Este mismo señor testifica acerca del estado en que quedó el Beato
después de semejantes ultrajes: “tenía la boca llena de sangre, los dientes
a medio caer, la lengua cortada, estaba todo su cuerpo deshecho. Aunque
medio muerto aun podía hablar y proseguir su camino”.
Al poco tiempo le llevaron la comida y se la pusieron en el lado
opuesto al que ocupaba y al ver que no podía moverse le decían: “-Anda,
llama a tu Dios, a ese que tanto quieres y que te la acerque. ¿Por qué no
viene a ayudarte?”
Los milicianos tenían esperanza de hacerle desistir y confiaban en
que al fin caería por el propio instinto de conservación, por eso no le dejan
de instar y de prometer libertad. Ciertamente no lo acusaban de nada
humano sino tan sólo de la terquedad en confesar sin miedo su fe en Dios.
Más tarde, los verdugos dirán que ellos querían salvarle pero se ganó la
muerte por no ceder.
De día y de noche, unos van y otros vienen, hasta 17 personas
tienen parte en su muerte que se alarga durante tres días. Estando ya
nuestro mártir rendido amaneció el día 8 de septiembre, fiesta de la
Natividad de la Santísima Virgen.

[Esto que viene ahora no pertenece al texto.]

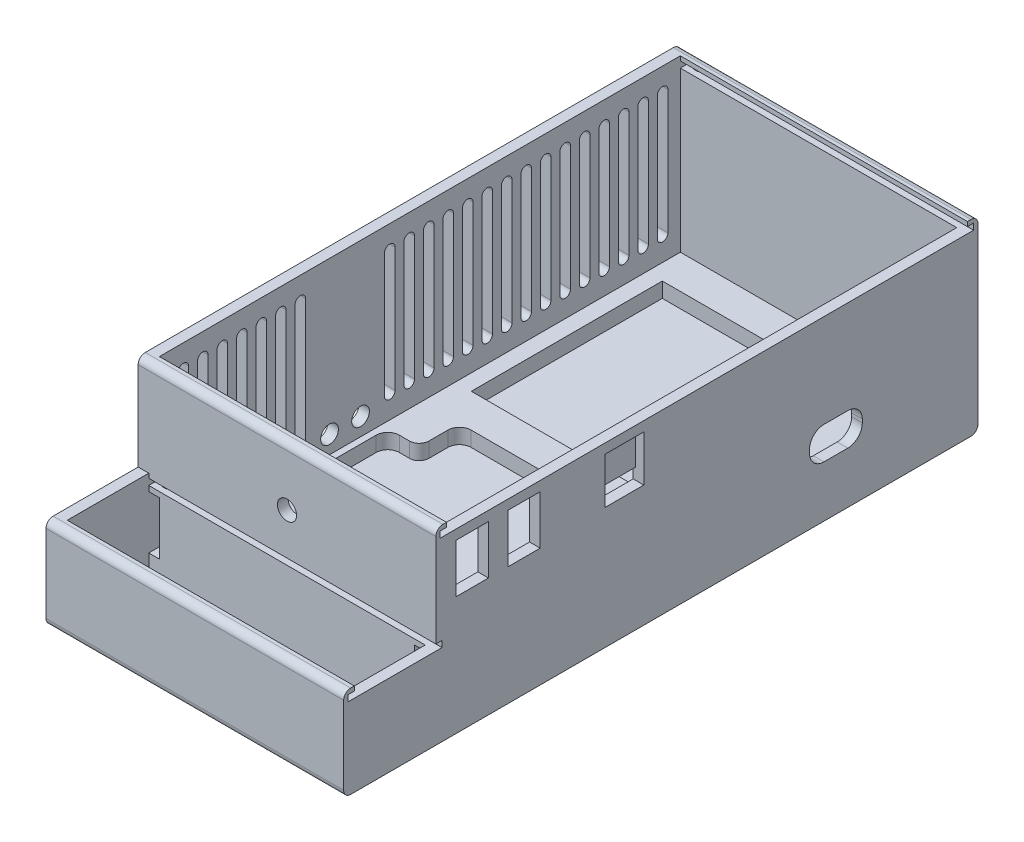
SolidWorks part; units mm, degrees
ref_plane "Front Plane" through (0, 0, 0) normal (0, 0, 1) x (1, 0, 0)
ref_plane "Top Plane" through (0, 0, 0) normal (0, 1, 0) x (1, 0, 0)
ref_plane "Right Plane" through (0, 0, 0) normal (1, 0, 0) x (0, 0, -1)
sketch "Sketch1" plane through (0, 0, 0) normal (0, 1, 0) x (1, 0, 0)
  line L5 (0, 0) -> (100, 0)
  line L6 (0, 0) -> (0, 187)
  line L7 (0, 187) -> (100, 187)
  line L8 (100, 0) -> (100, 187)
  dimension "D1" = 100
  dimension "D2" = 187
extrude "Boss-Extrude1" add sketch "Sketch1" against normal blind 5
sketch "Sketch2" plane through (0, 0, 0) normal (0, 1, 0) x (1, 0, 0)
  line L0 (0, 187) -> (0, 0) construction
  line L1 (11, 11) -> (89, 11)
  line L2 (11, 11) -> (11, 34)
  line L3 (11, 34) -> (89, 34)
  line L4 (89, 11) -> (89, 34)
  line L5 (0, 0) -> (100, 0) construction
  dimension "D1" = 78
  dimension "D2" = 23
  dimension "D3" = 11
  dimension "D4" = 11
extrude "Cut-Extrude1" cut sketch "Sketch2" against normal blind 2.5
sketch "Sketch3" plane through (0, 0, 0) normal (0, 1, 0) x (1, 0, 0)
  line L0 (11, 34) -> (89, 34)
  line L1 (89, 34) -> (89, 11)
  line L2 (89, 11) -> (11, 11)
  line L3 (11, 11) -> (11, 34)
  line L4 (8, 8) -> (8, 37)
  line L5 (8, 37) -> (92, 37)
  line L6 (92, 37) -> (92, 8)
  line L7 (92, 8) -> (8, 8)
  dimension "D1" = 3
extrude "Boss-Extrude2" add sketch "Sketch3" along normal blind 18
sketch "Sketch4" plane through (0, 0, 0) normal (0, 1, 0) x (1, 0, 0)
  line L1 (21.915, 57) -> (31.915, 57) construction
  line L2 (31.915, 47) -> (76.965, 47)
  line L3 (21.915, 107.77) -> (21.915, 102.4)
  line L4 (92, 37) -> (8, 37) construction
  line L5 (24.915, 110.77) -> (76.965, 110.77)
  line L7 (18.915, 99.4) -> (16.035, 99.4)
  line L8 (13.035, 96.4) -> (13.035, 82.01)
  line L9 (86.965, 100.77) -> (86.965, 57)
  line L10 (16.035, 79.01) -> (18.915, 79.01)
  line L11 (13.035, 89.205) -> (0, 89.205) construction
  line L12 (21.915, 76.01) -> (21.915, 57)
  line L14 (86.965, 78.885) -> (100, 78.885) construction
  line L15 (100, 0) -> (100, 187) construction
  line L16 (0, 187) -> (0, 0) construction
  arc A0 (21.915, 57) -> (31.915, 47) centre (31.915, 57) ccw
  arc A6 (24.915, 110.77) -> (21.915, 107.77) centre (24.915, 107.77) ccw
  arc A7 (21.915, 102.4) -> (18.915, 99.4) centre (18.915, 102.4) cw
  arc A8 (16.035, 99.4) -> (13.035, 96.4) centre (16.035, 96.4) ccw
  arc A9 (13.035, 82.01) -> (16.035, 79.01) centre (16.035, 82.01) ccw
  arc A10 (18.915, 79.01) -> (21.915, 76.01) centre (18.915, 76.01) cw
  arc A11 (86.965, 100.77) -> (76.965, 110.77) centre (76.965, 100.77) ccw
  arc A12 (76.965, 47) -> (86.965, 57) centre (76.965, 57) ccw
  point P27 (86.965, 110.77)
  point P29 (86.965, 47)
  dimension "D6" = 62.05
  dimension "D10" = 14.39
  dimension "D1" = 3
  dimension "D2" = 3
  dimension "D8" = 3
  dimension "D9" = 2.88
  dimension "D4" = 10
  dimension "D5" = 10
  dimension "D3" = 10
  dimension "D7" = 10
  dimension "D11" = 5.37
  dimension "D12" = 19.01
  dimension "D13" = 45.05
extrude "Cut-Extrude2" cut sketch "Sketch4" against normal blind 4.25 contours A0 L2 A12 L9 A11 L5 A6 L3 A7 L7 A8 L8 A9 L10 A10 L12
sketch "Sketch7" plane through (0, -2.5, 0) normal (0, 1, 0) x (1, 0, 0)
  line L0 (11, 34) -> (34, 11)
  line L1 (11, 11) -> (89, 11) construction
  line L2 (12, 34) -> (35, 11)
  line L3 (12, 34) -> (13, 34)
  line L5 (11, 11) -> (11.5217, 11)
  line L6 (89, 34) -> (89, 33)
  line L7 (13, 34) -> (36, 11)
  line L8 (14, 34) -> (37, 11)
  line L9 (15, 34) -> (38, 11)
  line L10 (16, 34) -> (39, 11)
  line L11 (17, 34) -> (40, 11)
  line L12 (18, 34) -> (41, 11)
  line L13 (19, 34) -> (42, 11)
  line L14 (20, 34) -> (43, 11)
  line L15 (21, 34) -> (44, 11)
  line L16 (22, 34) -> (45, 11)
  line L17 (23, 34) -> (46, 11)
  line L18 (24, 34) -> (47, 11)
  line L19 (25, 34) -> (48, 11)
  line L20 (26, 34) -> (49, 11)
  line L21 (27, 34) -> (50, 11)
  line L22 (28, 34) -> (51, 11)
  line L23 (29, 34) -> (52, 11)
  line L24 (30, 34) -> (53, 11)
  line L25 (31, 34) -> (54, 11)
  line L26 (32, 34) -> (55, 11)
  line L27 (33, 34) -> (56, 11)
  line L28 (34, 34) -> (57, 11)
  line L29 (35, 34) -> (58, 11)
  line L30 (36, 34) -> (59, 11)
  line L31 (37, 34) -> (60, 11)
  line L32 (38, 34) -> (61, 11)
  line L33 (39, 34) -> (62, 11)
  line L34 (40, 34) -> (63, 11)
  line L35 (41, 34) -> (64, 11)
  line L36 (42, 34) -> (65, 11)
  line L37 (43, 34) -> (66, 11)
  line L38 (44, 34) -> (67, 11)
  line L39 (45, 34) -> (68, 11)
  line L40 (46, 34) -> (69, 11)
  line L41 (47, 34) -> (70, 11)
  line L42 (48, 34) -> (71, 11)
  line L43 (49, 34) -> (72, 11)
  line L44 (50, 34) -> (73, 11)
  line L45 (51, 34) -> (74, 11)
  line L46 (52, 34) -> (75, 11)
  line L47 (53, 34) -> (76, 11)
  line L48 (54, 34) -> (77, 11)
  line L49 (55, 34) -> (78, 11)
  line L50 (56, 34) -> (79, 11)
  line L51 (57, 34) -> (80, 11)
  line L52 (58, 34) -> (81, 11)
  line L53 (59, 34) -> (82, 11)
  line L54 (60, 34) -> (83, 11)
  line L55 (61, 34) -> (84, 11)
  line L56 (62, 34) -> (85, 11)
  line L57 (63, 34) -> (86, 11)
  line L58 (64, 34) -> (87, 11)
  line L59 (65, 34) -> (88, 11)
  line L60 (66, 34) -> (89, 11)
  line L61 (67, 34) -> (89, 12)
  line L62 (68, 34) -> (89, 13)
  line L63 (69, 34) -> (89, 14)
  line L64 (70, 34) -> (89, 15)
  line L65 (71, 34) -> (89, 16)
  line L66 (72, 34) -> (89, 17)
  line L67 (73, 34) -> (89, 18)
  line L68 (74, 34) -> (89, 19)
  line L69 (75, 34) -> (89, 20)
  line L70 (76, 34) -> (89, 21)
  line L71 (77, 34) -> (89, 22)
  line L72 (78, 34) -> (89, 23)
  line L73 (79, 34) -> (89, 24)
  line L74 (80, 34) -> (89, 25)
  line L75 (81, 34) -> (89, 26)
  line L76 (82, 34) -> (89, 27)
  line L77 (83, 34) -> (89, 28)
  line L78 (84, 34) -> (89, 29)
  line L79 (85, 34) -> (89, 30)
  line L80 (86, 34) -> (89, 31)
  line L81 (87, 34) -> (89, 32)
  line L82 (88, 34) -> (89, 33)
  line L83 (11, 32.9783) -> (32.9783, 11)
  line L84 (11, 31.9565) -> (31.9565, 11)
  line L85 (11, 30.9348) -> (30.9348, 11)
  line L86 (11, 29.913) -> (29.913, 11)
  line L87 (11, 28.8913) -> (28.8913, 11)
  line L88 (11, 27.8696) -> (27.8696, 11)
  line L89 (11, 26.8478) -> (26.8478, 11)
  line L90 (11, 25.8261) -> (25.8261, 11)
  line L91 (11, 24.8043) -> (24.8043, 11)
  line L92 (11, 23.7826) -> (23.7826, 11)
  line L93 (11, 22.7609) -> (22.7609, 11)
  line L94 (11, 21.7391) -> (21.7391, 11)
  line L95 (11, 20.7174) -> (20.7174, 11)
  line L96 (11, 19.6956) -> (19.6956, 11)
  line L97 (11, 18.6739) -> (18.6739, 11)
  line L98 (11, 17.6522) -> (17.6522, 11)
  line L99 (11, 16.6304) -> (16.6304, 11)
  line L100 (11, 15.6087) -> (15.6087, 11)
  line L101 (11, 14.5869) -> (14.5869, 11)
  line L102 (11, 13.5652) -> (13.5652, 11)
  line L103 (11, 12.5435) -> (12.5435, 11)
  line L104 (11, 11.5217) -> (11.5217, 11)
  line L105 (12.5435, 11) -> (13.5652, 11)
  line L106 (11, 11.5217) -> (11, 11)
  line L107 (14.5869, 11) -> (15.6087, 11)
  line L108 (11, 13.5652) -> (11, 12.5435)
  line L110 (16.6304, 11) -> (17.6522, 11)
  line L111 (11, 16.6304) -> (11, 17.6522)
  line L112 (11, 18.6739) -> (11, 19.6956)
  line L113 (18.6739, 11) -> (19.6956, 11)
  line L114 (20.7174, 11) -> (21.7391, 11)
  line L115 (11, 20.7174) -> (11, 21.7391)
  line L116 (22.7609, 11) -> (23.7826, 11)
  line L117 (11, 22.7609) -> (11, 23.7826)
  line L118 (11, 24.8043) -> (11, 25.8261)
  line L119 (24.8043, 11) -> (25.8261, 11)
  line L120 (26.8478, 11) -> (27.8696, 11)
  line L121 (11, 26.8478) -> (11, 27.8696)
  line L122 (11, 28.8913) -> (11, 29.913)
  line L123 (11, 30.9348) -> (11, 31.9565)
  line L124 (28.8913, 11) -> (29.913, 11)
  line L125 (30.9348, 11) -> (31.9565, 11)
  line L126 (32.9783, 11) -> (34, 11)
  line L127 (35, 11) -> (36, 11)
  line L128 (11, 32.9783) -> (11, 34)
  line L129 (14, 34) -> (15, 34)
  line L130 (16, 34) -> (17, 34)
  line L131 (37, 11) -> (38, 11)
  line L132 (39, 11) -> (40, 11)
  line L133 (41, 11) -> (42, 11)
  line L134 (43, 11) -> (44, 11)
  line L135 (45, 11) -> (46, 11)
  line L136 (47, 11) -> (48, 11)
  line L137 (49, 11) -> (50, 11)
  line L138 (51, 11) -> (52, 11)
  line L139 (53, 11) -> (54, 11)
  line L140 (55, 11) -> (56, 11)
  line L141 (57, 11) -> (58, 11)
  line L142 (59, 11) -> (60, 11)
  line L143 (61, 11) -> (62, 11)
  line L144 (63, 11) -> (64, 11)
  line L145 (65, 11) -> (66, 11)
  line L146 (18, 34) -> (19, 34)
  line L147 (20, 34) -> (21, 34)
  line L148 (22, 34) -> (23, 34)
  line L149 (24, 34) -> (25, 34)
  line L150 (26, 34) -> (27, 34)
  line L151 (28, 34) -> (29, 34)
  line L152 (30, 34) -> (31, 34)
  line L153 (32, 34) -> (33, 34)
  line L154 (34, 34) -> (35, 34)
  line L155 (36, 34) -> (37, 34)
  line L156 (38, 34) -> (39, 34)
  line L157 (40, 34) -> (41, 34)
  line L158 (42, 34) -> (43, 34)
  line L159 (44, 34) -> (45, 34)
  line L160 (46, 34) -> (47, 34)
  line L161 (67, 11) -> (68, 11)
  line L162 (69, 11) -> (70, 11)
  line L163 (71, 11) -> (72, 11)
  line L164 (73, 11) -> (74, 11)
  line L165 (75, 11) -> (76, 11)
  line L166 (77, 11) -> (78, 11)
  line L167 (79, 11) -> (80, 11)
  line L168 (81, 11) -> (82, 11)
  line L169 (83, 11) -> (84, 11)
  line L170 (85, 11) -> (86, 11)
  line L171 (87, 11) -> (88, 11)
  line L172 (48, 34) -> (49, 34)
  line L173 (50, 34) -> (51, 34)
  line L174 (52, 34) -> (53, 34)
  line L175 (54, 34) -> (55, 34)
  line L176 (56, 34) -> (57, 34)
  line L177 (58, 34) -> (59, 34)
  line L178 (60, 34) -> (61, 34)
  line L179 (62, 34) -> (63, 34)
  line L180 (64, 34) -> (65, 34)
  line L181 (66, 34) -> (67, 34)
  line L182 (68, 34) -> (69, 34)
  line L183 (70, 34) -> (71, 34)
  line L184 (72, 34) -> (73, 34)
  line L185 (74, 34) -> (75, 34)
  line L186 (76, 34) -> (77, 34)
  line L187 (78, 34) -> (79, 34)
  line L188 (80, 34) -> (81, 34)
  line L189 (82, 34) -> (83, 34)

Este mismo día al anochecer, al Beato
Miguel lo sacan de la pocilga y lo conducen a empujones a otra habitación;
por el camino le insultan diciendo: “-el de Cristo Rey”. Al entrar ve que le
esperan dentro más hombres, quienes le vuelven a poner un crucifijo para
que lo pise, pero él se resiste y al instante con un puñetazo le hacen caer
al suelo.
Pasados dos días, la mañana del 10 septiembre, una señora muy
buena, llamada Amparo, testigo directo del martirio de Miguel cuenta que
ellos estaban cansados de pegarle y le dieron por muerto pero al oírle
exclamar “-¡Ay Dios mío!” vuelven a descargar sobre su cuerpo tal lluvia
de palos que ya no se le oyó nada más decir: “-¡Ay mi madre”. Era el
último suspiro de un alma cuya vida terminaba en la tierra y comenzaba
en el cielo recibiendo la corona que merecen los mártires del Amor
Crucificado, de Jesucristo y de la Santa Iglesia Católica.
Sepultura, exhumación y traslado de los restos
Según los testigos, los asesinos enterraron a Miguel en un campo llamado
“La Veguilla”, cerca del pueblo, dejándole fuera una mano con el puño
cerrado. Se dice que los perros se la comieron y un buen pastor al
descubrir el cuerpo lo enterró mejor. De hecho, afirma Teresa Beato,
hermana de Miguel, que cuando en 1939 exhumaron los restos mortales
“pudimos ver claro que le faltaba la mano”. Y añade: “Estaba todo él,
hecho una llaga a causa de tantos palos y golpes que le dieron (pero
entero) y su hermana María Dolores, al desprenderle la ropa del costado,
se manchó la mano de sangre viva”.
A los pocos días, en mayo de 1939 los restos del Beato Miguel
fueron trasladados al presbiterio del altar mayor de la Iglesia Parroquial de
La Villa de Don Fadrique, donde reposan actualmente.